Energy flow associated with wave motion. See this Blaze Labs picture:
The Poynting vector is pointing in the direction the wave is travelling, transporting E=hf energy. Or energy-momentum if you prefer.
I know that the Poynting flux is the cross product between $\vec E$ and $\vec B$
I'm afraid there aren't really any such fields, see Jackson section 11.10 where he says "one should properly speak of the electromagnetic field Fμν rather than E or B separately". Also see the Wikipedia electromagnetic radiation article and note this: "the curl operator on one side of these equations results in first-order spatial derivatives of the wave solution, while the time-derivative on the other side of the equations, which gives the other field, is first order in time”. If it was an ocean wave and you were in a canoe, E denotes the slope of your canoe and B denotes the rate of change of slope. There's aren't two waves present, just one, and it's an electromagnetic wave, which is an electromangetic field variation.
but I'm wondering, are the field lines of the Poynting flux considered as electromagnetic energy?
I'm not sure field lines is quite the right phrase, but I'd say the answer is yes. Think about pair production and electron spin and spin angular momentum, then take a look at the static fields section of the Wikipedia Poynting vector article. The Poynting vector is still orthogonal to both E and H, only now it it isn't linear, it goes round and round:
Public domain image by Michael Lenz, see Wikipedia
Note this:
"Although there are only static electric and magnetic fields, the calculation of the Poynting vector produces a clockwise circular flow of electromagnetic energy, with no beginning or end. While the circulating energy flow may seem nonsensical or paradoxical, it is necessary to maintain conservation of momentum. Momentum density is proportional to energy flow density, so the circulating flow of energy contains an angular momentum".
This angular momentum is exhibited via the Einstein-de Haas effect which "demonstrates that spin angular momentum is indeed of the same nature as the angular momentum of rotating bodies as conceived in classical mechanics.".

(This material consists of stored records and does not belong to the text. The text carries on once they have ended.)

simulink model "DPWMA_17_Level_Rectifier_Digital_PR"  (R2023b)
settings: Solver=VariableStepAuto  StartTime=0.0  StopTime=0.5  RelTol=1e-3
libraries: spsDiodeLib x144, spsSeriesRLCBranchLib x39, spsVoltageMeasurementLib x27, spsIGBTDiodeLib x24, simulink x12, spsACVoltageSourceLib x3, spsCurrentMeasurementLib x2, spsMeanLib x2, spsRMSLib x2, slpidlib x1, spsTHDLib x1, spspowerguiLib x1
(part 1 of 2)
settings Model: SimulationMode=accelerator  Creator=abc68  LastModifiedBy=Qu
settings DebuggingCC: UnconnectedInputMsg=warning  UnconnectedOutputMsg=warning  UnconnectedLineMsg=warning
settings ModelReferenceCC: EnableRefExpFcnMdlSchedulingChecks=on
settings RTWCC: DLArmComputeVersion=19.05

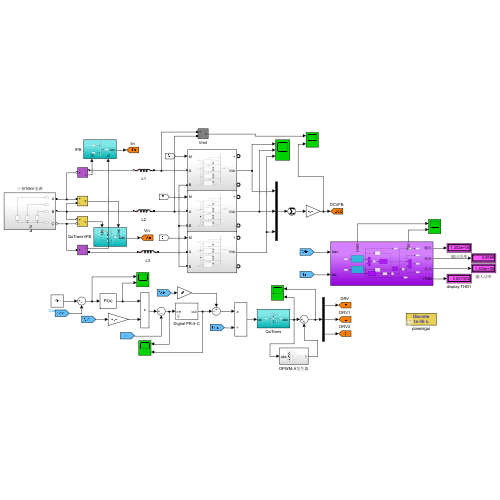
[thumbnail: Simulink's stored preview of the top-level diagram]
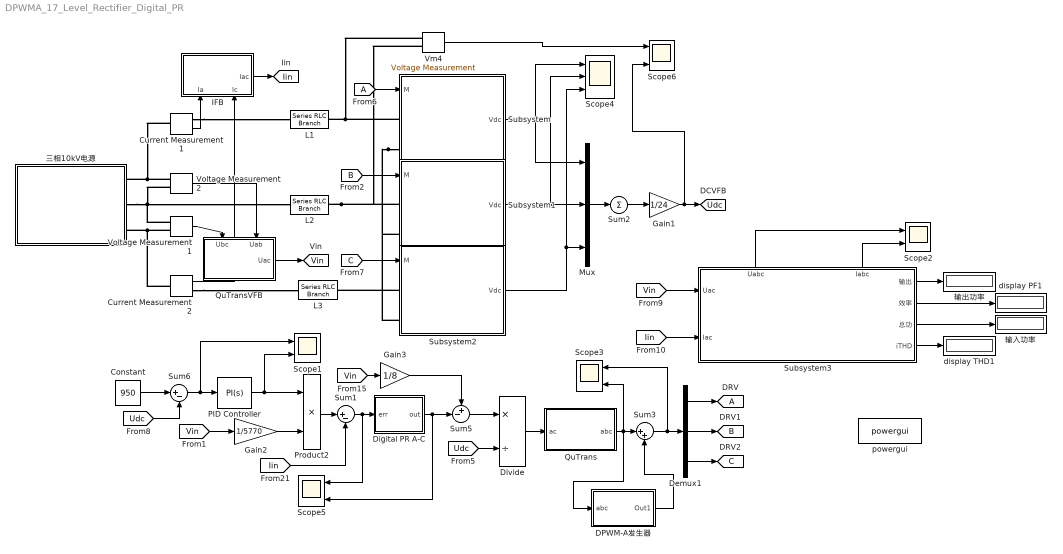
== system DPWMA_17_Level_Rectifier_Digital_PR ==
  Constant : Constant  Value=950
  Current Measurement1 : spsCurrentMeasurementLib/Current Measurement  PhasorSimulation=off  OutputType=Complex  PSBequivalent=0
  Current Measurement2 : spsCurrentMeasurementLib/Current Measurement  PhasorSimulation=off  OutputType=Complex  PSBequivalent=0
  DPWM-A发生器 : Subsystem
  DRV : Goto  TagVisibility=global
  Demux1 : Demux  Outputs=3
  Digital PR A-C : Subsystem  mask{Kp=3, Kr=30, Wc=5, Ts=1/28800, Upper=3000, Lower=-3000}
      mask DialogControl ParameterGroupVar Prompt: 参数
  Divide : Product  Inputs=*/
  From6 : From  TagVisibility=global
  Gain1 : Gain  Gain=1/24
  Gain2 : Gain  Gain=1/5770
  Gain3 : Gain  Gain=1/8
  IFB : Subsystem
      settings: PortSchema="{\"entries\":[{\"content\":{\"sides\":[{\"content\":{\"connectorIds\":[]},\"type\":\"ConnectorPlacement.EquallySpacedRectSide\",\"uuid\":\"58c40194-9a95-4e39-952e-f878bde7484e\"},{\"content\":{\"connectorIds\":[\"In1\",\"In2\"],\"side\":\"RIGHT\"},\"type\":\"ConnectorPlacement.EquallySpacedRectSide\",\"uuid\":\"f51692e8-3ff2-4d72-808d-3667196a4526\"},{\"content\":{\"connectorIds\":[],\"side\":\"TOP\"},\"type\":\"ConnectorPlacement.EquallySpacedRectSide\",\"uuid\":\"0aab136b-5da5-45c4-8998-999ebe8b7f2f\"},{\"content\":{\"connectorIds\":[\"Out1\"],\"side\":\"BOTTOM\"},\"type\":\"ConnectorPlacement.EquallySpacedRectSide\",\"uuid\":\"32f5f4a5-4ebb-496b-828d-b973bd46b44e\"}]},\"type\":\"ConnectorPlacement.EquallySpacedConnector\",\"uuid\":\"3ef81af7-d426-47fb-88e3-e33e58eebb83\"}],\"packageUris\":[\"http://schema.mathworks.com/mf0/Connector/R2020b\"],\"version\":\"1.0\"}"
  L1 : spsSeriesRLCBranchLib/Series RLC Branch  LConnTagsString=__new0  RConnTagsString=__new0  BranchType=L  Resistance=0.05  Inductance=5e-3  SetiL0=off  InitialCurrent=0  Capacitance=inf  Setx0=off  InitialVoltage=0  Measurements=None
  L2 : spsSeriesRLCBranchLib/Series RLC Branch  LConnTagsString=__new0  RConnTagsString=__new0  BranchType=L  Resistance=0.05  Inductance=5e-3  SetiL0=off  InitialCurrent=0  Capacitance=inf  Setx0=off  InitialVoltage=0  Measurements=None
  L3 : spsSeriesRLCBranchLib/Series RLC Branch  LConnTagsString=__new0  RConnTagsString=__new0  BranchType=L  Resistance=0.05  Inductance=5e-3  SetiL0=off  InitialCurrent=0  Capacitance=inf  Setx0=off  InitialVoltage=0  Measurements=None
  Mux : Mux  Inputs=3
  PID Controller : slpidlib/PID Controller  Controller=PI  Form=Parallel  TimeDomain=Continuous-time  UseExternalTs=off  SampleTime=-1  IntegratorMethod=Forward Euler  FilterMethod=Forward Euler  ControllerParametersSource=internal  P=1.5  I=120  UseKiTs=off  D=0.005  N=100  UseFilter=on  TunerSelectOption=Transfer Function Based (PID Tuner App)  InitialConditionSource=internal  InitialConditionForIntegrator=0  InitialConditionForFilter=0  DifferentiatorICPrevScaledInput=0  ExternalReset=none  TrackingMode=off  Kt=1  LimitOutput=off  SatLimitsSource=internal  UpperSaturationLimit=200  LowerSaturationLimit=0  LinearizeAsGain=on  AntiWindupMode=clamping  Kb=1  LimitIntegrator=off  UpperIntegratorSaturationLimit=inf  LowerIntegratorSaturationLimit=-inf  POutMin=[]  POutMax=[]  IOutMin=[]  IOutMax=[]  DOutMin=[]  DOutMax=[]  NOutMin=[]  NOutMax=[]  SumOutMin=[]  SumOutMax=[]  SaturationOutMin=[]  SaturationOutMax=[]  PParamMin=[]  PParamMax=[]  IParamMin=[]  IParamMax=[]  DParamMin=[]  DParamMax=[]  NParamMin=[]  NParamMax=[]  KbParamMin=[]  KbParamMax=[]  KtParamMin=[]  KtParamMax=[]  KbOutMin=[]  KbOutMax=[]  KtOutMin=[]  KtOutMax=[]  IntegratorOutMin=[]  IntegratorOutMax=[]  FilterOutMin=[]  FilterOutMax=[]  SumI1OutMin=[]  SumI1OutMax=[]  SumI2OutMin=[]  SumI2OutMax=[]  SumI3OutMin=[]  SumI3OutMax=[]  SumI4OutMin=[]  SumI4OutMax=[]  SumDOutMin=[]  SumDOutMax=[]  DifferentiatorOutMin=[]  DifferentiatorOutMax=[]  FilterDiffOutCoefMin=[]  FilterDiffOutCoefMax=[]  ReciprocalOutMin=[]  ReciprocalOutMax=[]  SumDenOutMin=[]  SumDenOutMax=[]  SumNumOutMin=[]  SumNumOutMax=[]  DivideOutMin=[]  DivideOutMax=[]  UdiffTsProdOutMin=[]  UdiffTsProdOutMax=[]  NTsProdOutMin=[]  NTsProdOutMax=[]  UintegralTsProdOutMin=[]  UintegralTsProdOutMax=[]  UngainTsProdOutMin=[]  UngainTsProdOutMax=[]  ClampingZeroOutDataTypeStr=Inherit: Inherit via back propagation  ClampingZeroOutMin=[]  ClampingZeroOutMax=[]  FilterDenConstantOutDataTypeStr=Inherit: Inherit via back propagation  FilterDenConstantOutMin=[]  FilterDenConstantOutMax=[]  PCopyOutDataTypeStr=Inherit: Inherit via back propagation  PCopyOutMin=[]  PCopyOutMax=[]  NCopyOutDataTypeStr=Inherit: Inherit via back propagation  NCopyOutMin=[]  NCopyOutMax=[]  IntegratorContinuousStateAttributes=''  IntegratorStateMustResolveToSignalObject=off  IntegratorRTWStateStorageClass=Auto  FilterContinuousStateAttributes=''  FilterStateMustResolveToSignalObject=off  FilterRTWStateStorageClass=Auto  ParallelPVariant=InternalParameters  IdealPVariant=Disabled  IVariant=InternalParameters  DVariant=Disabled  IntegratorVariant=Continuous  SatVariant=Disabled  AWVariant=Passthrough  PCopyVariant=Disabled  TRVariant=Disabled  FdbkBlocksVariant=Forward  IdealPFdbkVariant=Disabled  SatFdbkVariant=Disabled  DerivativeFilterVariant=Disabled  NVariant=Disabled  NCopyVariant=Disabled_SignalSpec  FilterICVariant=Disabled  IntegratorICVariant=InternalICs  ExternalResetVariant=Disabled  TRSumVariant=Passthrough  SumFdbkVariant=Disabled  SumVariant=Sum_PI  TsampFilterVariant=InternalTs  TsampNgainVariant=Passthrough  TsampIntegralVariant=Disabled_SignalSpec  ExternalSaturationOutDataTypeStr=Inherit: Same as second input
  Product2 : Product
  QuTrans : Subsystem
      settings: PortSchema="{\"entries\":[{\"content\":{\"sides\":[{\"content\":{\"connectorIds\":[]},\"type\":\"ConnectorPlacement.EquallySpacedRectSide\",\"uuid\":\"58c40194-9a95-4e39-952e-f878bde7484e\"},{\"content\":{\"connectorIds\":[],\"side\":\"RIGHT\"},\"type\":\"ConnectorPlacement.EquallySpacedRectSide\",\"uuid\":\"f51692e8-3ff2-4d72-808d-3667196a4526\"},{\"content\":{\"connectorIds\":[\"In1\"],\"side\":\"TOP\"},\"type\":\"ConnectorPlacement.EquallySpacedRectSide\",\"uuid\":\"0aab136b-5da5-45c4-8998-999ebe8b7f2f\"},{\"content\":{\"connectorIds\":[\"Out1\"],\"side\":\"BOTTOM\"},\"type\":\"ConnectorPlacement.EquallySpacedRectSide\",\"uuid\":\"185ce796-68e2-4136-8080-97dc86d2ba54\"}]},\"type\":\"ConnectorPlacement.EquallySpacedConnector\",\"uuid\":\"3ef81af7-d426-47fb-88e3-e33e58eebb83\"}],\"packageUris\":[\"http://schema.mathworks.com/mf0/Connector/R2020b\"],\"version\":\"1.0\"}"
  QuTransVFB : Subsystem
      settings: PortSchema="{\"entries\":[{\"content\":{\"sides\":[{\"content\":{\"connectorIds\":[\"In1\",\"In2\"]},\"type\":\"ConnectorPlacement.EquallySpacedRectSide\",\"uuid\":\"58c40194-9a95-4e39-952e-f878bde7484e\"},{\"content\":{\"connectorIds\":[],\"side\":\"RIGHT\"},\"type\":\"ConnectorPlacement.EquallySpacedRectSide\",\"uuid\":\"f51692e8-3ff2-4d72-808d-3667196a4526\"},{\"content\":{\"connectorIds\":[],\"side\":\"TOP\"},\"type\":\"ConnectorPlacement.EquallySpacedRectSide\",\"uuid\":\"0aab136b-5da5-45c4-8998-999ebe8b7f2f\"},{\"content\":{\"connectorIds\":[\"Out1\"],\"side\":\"BOTTOM\"},\"type\":\"ConnectorPlacement.EquallySpacedRectSide\",\"uuid\":\"185ce796-68e2-4136-8080-97dc86d2ba54\"}]},\"type\":\"ConnectorPlacement.EquallySpacedConnector\",\"uuid\":\"3ef81af7-d426-47fb-88e3-e33e58eebb83\"}],\"packageUris\":[\"http://schema.mathworks.com/mf0/Connector/R2020b\"],\"version\":\"1.0\"}"
  Scope{1..3,5..6} (5 alike) : Scope  NumInputPorts=2
  Scope4 : Scope  NumInputPorts=3
  Subsystem : Subsystem
      settings: PortSchema="{\"entries\":[{\"content\":{\"sides\":[{\"content\":{\"connectorIds\":[\"In1\",\"LConn1\",\"LConn2\"]},\"type\":\"ConnectorPlacement.EquallySpacedRectSide\",\"uuid\":\"5087c15a-4ffd-4c0a-98d3-826831d4ce75\"},{\"content\":{\"connectorIds\":[\"RConn1\",\"Out1\",\"RConn2\"],\"side\":\"RIGHT\"},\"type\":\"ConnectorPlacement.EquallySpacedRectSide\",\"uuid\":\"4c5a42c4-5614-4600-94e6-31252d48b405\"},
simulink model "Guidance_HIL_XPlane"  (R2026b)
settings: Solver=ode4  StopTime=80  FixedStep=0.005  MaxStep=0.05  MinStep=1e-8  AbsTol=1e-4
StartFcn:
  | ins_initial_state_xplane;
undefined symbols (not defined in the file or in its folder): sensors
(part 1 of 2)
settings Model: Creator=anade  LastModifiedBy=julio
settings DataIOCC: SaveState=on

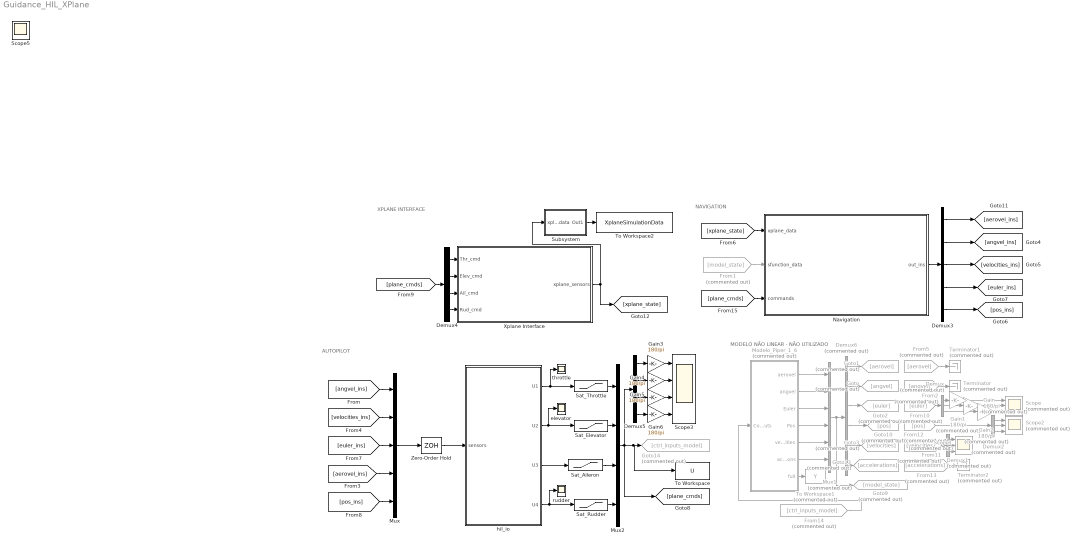
== system Guidance_HIL_XPlane ==
  note: MODELO NÃO LINEAR - NÃO UTILIZADO
  note: NAVIGATION
  note: AUTOPILOT
  note: XPLANE INTERFACE
  Demux : Demux  Commented=on  Outputs=3
  Demux1 : Demux  Commented=on  Outputs=3
  Demux2 : Demux  Commented=on  Outputs=3
  Demux3 : Demux  Outputs=5
  Demux4 : Demux
  Demux5 : Demux
  Demux6 : Demux  Commented=on  Outputs=6
  From1 : From  Commented=on  GotoTag=model_state
  From10 : From  Commented=on  GotoTag=euler
  From11 : From  Commented=on  GotoTag=velocities
  From12 : From  Commented=on  GotoTag=pos
  From13 : From  Commented=on  GotoTag=accelerations
  From14 : From  Commented=on  GotoTag=ctrl_inputs_model
  From2 : From  Commented=on  GotoTag=angvel
  From5 : From  Commented=on  GotoTag=aerovel
  Gain : Gain  Commented=on  Gain=180/pi
  Gain1 : Gain  Commented=on  Gain=180/pi
  Gain2 : Gain  Commented=on  Gain=180/pi
  Gain{3..6} (4 alike) : Gain  Gain=180/pi
  Goto : Goto  Commented=on  GotoTag=angvel
  Goto1 : Goto  Commented=on  GotoTag=aerovel
  Goto10 : Goto  Commented=on  GotoTag=pos
  Goto13 : Goto  Commented=on  GotoTag=accelerations
  Goto14 : Goto  Commented=on  GotoTag=ctrl_inputs_model
  Goto2 : Goto  Commented=on  GotoTag=euler
  Goto3 : Goto  Commented=on  GotoTag=velocities
  Goto9 : Goto  Commented=on  GotoTag=model_state
  Modelo_Piper_1_6 : Subsystem  Commented=on
  Mux : Mux  Inputs=5
  Mux1 : Mux  Commented=on  Inputs=6
  Mux2 : Mux
  Navigation : Subsystem
  Sat_Aileron : Saturate  UpperLimit=0.4363  LowerLimit=-0.4363
  Sat_Elevator : Saturate  UpperLimit=0.4363  LowerLimit=-0.4363
  Sat_Rudder : Saturate  UpperLimit=0.4363  LowerLimit=-0.4363
  Sat_Throttle : Saturate  UpperLimit=1  LowerLimit=0
  Scope : Scope  Commented=on  NumInputPorts=3
      settings: ActiveDisplayYMinimum=-6.98611  ActiveDisplayYMaximum=5.63762
  Scope1 : Scope  Commented=on  NumInputPorts=3
      settings: ActiveDisplayYMinimum=14.85385  ActiveDisplayYMaximum=15.01624
  Scope2 : Scope  Commented=on  NumInputPorts=3
      settings: ActiveDisplayYMinimum=-260.5736  ActiveDisplayYMaximum=2345.16236  DataLoggingVariableName=ScopeData4
  Scope3 : Scope  NumInputPorts=4
      settings: ActiveDisplayYMinimum=27.28743  ActiveDisplayYMaximum=28.20495
  Subsystem : Subsystem
  Terminator : Terminator  Commented=on
  Terminator1 : Terminator  Commented=on
  Terminator2 : Terminator  Commented=on
  To Workspace : ToWorkspace  VariableName=U  SaveFormat=Structure With Time  SampleTime=-1
  To Workspace1 : ToWorkspace  Commented=on  VariableName=Y  SaveFormat=Structure With Time  SampleTime=-1
  To Workspace2 : ToWorkspace  VariableName=XplaneSimulationData  SaveFormat=Structure With Time  SampleTime=-1
  Xplane Interface : Subsystem
  Zero-Order Hold : ZeroOrderHold  SampleTime=0.01
  elevator : Scope
      settings: ActiveDisplayYMinimum=-0.5444964451073081  ActiveDisplayYMaximum=0.59983808374051317  DataLoggingVariableName=ScopeData11
  hil_io : MATLAB Function  TreatAsAtomicUnit=on
  rudder : Scope
      settings: ActiveDisplayYMinimum=-0.082744402354985674  ActiveDisplayYMaximum=0.075589414066673855  DataLoggingVariableName=ScopeData9
  throttle : Scope
      settings: ActiveDisplayYMinimum=-0.079216538751602131  ActiveDisplayYMaximum=0.72681884876441949  DataLoggingVariableName=ScopeData10
  Scope5 : Scope
      settings: ActiveDisplayYMinimum=-10.063291139240507  ActiveDisplayYMaximum=10.936708860759492  DataLoggingVariableName=ScopeData6
  wires:
  Mux2/1 -> To Workspace/1, Goto14/1, [plane_cmds], Demux5/1
  Modelo_Piper_1_6/7(full) -> To Workspace1/1
  Demux/1 -> Gain1/1
  Demux/2 -> Gain/1
  Demux/3 -> Gain2/1
  Gain/1 -> Scope/2
  Demux1/1 -> Scope1/1
  Demux1/2 -> Scope1/2
  Demux1/3 -> Scope1/3
  Demux2/3 -> Scope2/3
  Demux2/2 -> Scope2/2
  Demux2/1 -> Scope2/1
  [aerovel_ins] -> Mux/4
  hil_io/1(U1) -> Sat_Throttle/1, throttle/1
  hil_io/2(U2) -> Sat_Elevator/1, elevator/1
  hil_io/3(U3) -> Sat_Aileron/1
  Gain1/1 -> Scope/1
  Gain2/1 -> Scope/3
  Gain3/1 -> Scope3/1
  Gain4/1 -> Scope3/2
  Gain5/1 -> Scope3/3
  Gain6/1 -> Scope3/4
  Sat_Throttle/1 -> Mux2/1
  Sat_Elevator/1 -> Mux2/2
  Sat_Aileron/1 -> Mux2/3
  Sat_Rudder/1 -> Mux2/4
  Demux3/2 -> [angvel_ins]
  Demux3/3 -> [velocities_ins]
  Demux3/4 -> [euler_ins]
  Demux3/5 -> [pos_ins]
  Navigation/1(out_ins) -> Demux3/1
  [angvel_ins] -> Mux/1
  [velocities_ins] -> Mux/2
  [euler_ins] -> Mux/3
  [pos_ins] -> Mux/5
  [plane_cmds] -> Demux4/1
  Demux4/1 -> Xplane Interface/1(Thr_cmd)
  Demux4/2 -> Xplane Interface/2(Elev_cmd)
  Demux4/3 -> Xplane Interface/3(Ail_cmd)
  Demux4/4 -> Xplane Interface/4(Rud_cmd)
  Demux5/1 -> Gain3/1
  Demux5/2 -> Gain4/1
  Demux5/3 -> Gain5/1
  Demux5/4 -> Gain6/1
  Modelo_Piper_1_6/1(aerovel) -> Mux1/1
  Modelo_Piper_1_6/2(angvel) -> Mux1/2
  Modelo_Piper_1_6/3(Euler) -> Mux1/3
  Modelo_Piper_1_6/4(Pos) -> Mux1/4
  Modelo_Piper_1_6/5(velocities) -> Mux1/5
  Demux6/1 -> Goto1/1
  Demux6/2 -> Goto/1
  Demux6/3 -> Goto2/1
  Demux6/4 -> Goto10/1
  Demux6/5 -> Goto3/1
  From2/1 -> Terminator/1
  Demux3/1 -> [aerovel_ins]
  From5/1 -> Terminator1/1
  From12/1 -> Demux2/1
  From10/1 -> Demux/1
  From11/1 -> Demux1/1
  Xplane Interface/1(xplane_sensors) -> Subsystem/1(xplane_data), [xplane_state]
  [xplane_state] -> Navigation/1(xplane_data)
  Modelo_Piper_1_6/6(accelerations) -> Mux1/6
  Mux1/1 -> Goto9/1, Demux6/1
  Demux6/6 -> Goto13/1
  From13/1 -> Terminator2/1
  hil_io/4(U4) -> Sat_Rudder/1, rudder/1
  Subsystem/1(Out1) -> To Workspace2/1
  From14/1 -> Modelo_Piper_1_6/1(Control Inputs)
  From1/1 -> Navigation/2(sfunction_data)
  [plane_cmds] -> Navigation/3(commands)
  Zero-Order Hold/1 -> hil_io/1(sensors)
  Mux/1 -> Zero-Order Hold/1

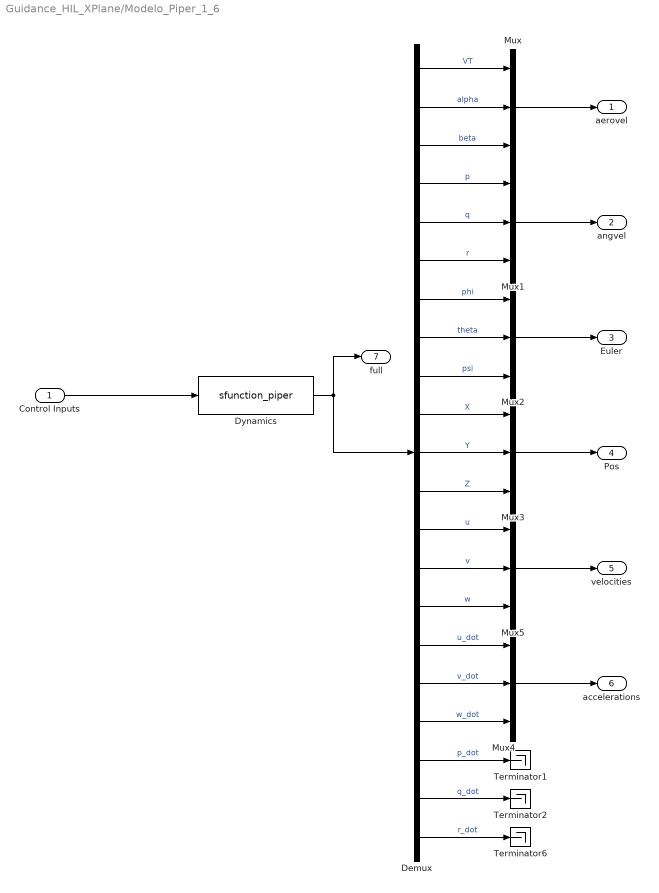
== system Guidance_HIL_XPlane/Modelo_Piper_1_6 ==
  Control Inputs : Inport
  Demux : Demux  Outputs=21
  Dynamics : S-Function  FunctionName=sfunction_piper  Parameters=par_gen,par_aero,par_prop, Xe  SFunctionDeploymentMode=off  EnableBusSupport=off
  Mux{,1..5} (6 alike) : Mux  Inputs=3
  Terminator1 : Terminator
  Terminator2 : Terminator
  Terminator6 : Terminator
  aerovel : Outport
  angvel : Outport  Port=2
  Euler : Outport  Port=3
  Pos : Outport  Port=4
  velocities : Outport  Port=5
  accelerations : Outport  Port=6
  full : Outport  Port=7
  wires:
  Control Inputs/1 -> Dynamics/1
  Dynamics/1 -> full/1, Demux/1
  Demux/1 -> Mux/1  "VT"
  Demux/2 -> Mux/2  "alpha"
  Demux/3 -> Mux/3  "beta"
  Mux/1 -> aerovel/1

Let's say we have charged particles in this field, would the Poynting flux exert force on them and move them along the field lines?
Yes. If you had two charged particles such as an electron and a positron (see the Wikipedia positronium article), they would move linearly and/or rotationally, something like this:
But note that this is a simplified "flat" picture. The positron has the opposite chirality to the electron. Both are Dirac spinors, and a Dirac spinor is a bispinors. It's like you've have a steering-wheel rotation, and a coin-spin rotation both going on at the same time, one at twice the rate of the other, hence spin half.
I have a plot of a Poynting flux that looks like this:
What would happen if there were charged particles in this field?
This field looks like it is the field of a charged particle such as a positron. If you placed an electron down near it, linear motion would happen. Counter-rotating vortices attract, co-rotating vortices repel. If you threw the electron past it, rotational motion would also occur.
All this might sound novel, but don't forget Maxwell's page title. Or that in atomic orbital electrons exist as standing waves. Standing wave, standing field. And when you have a standing wave in a mirror-box, when you drop one of the sides that wave is off like a shot from a standing start, because there always was motion at c, even though you couldn't see it. It's the same for electron-positron annihilation.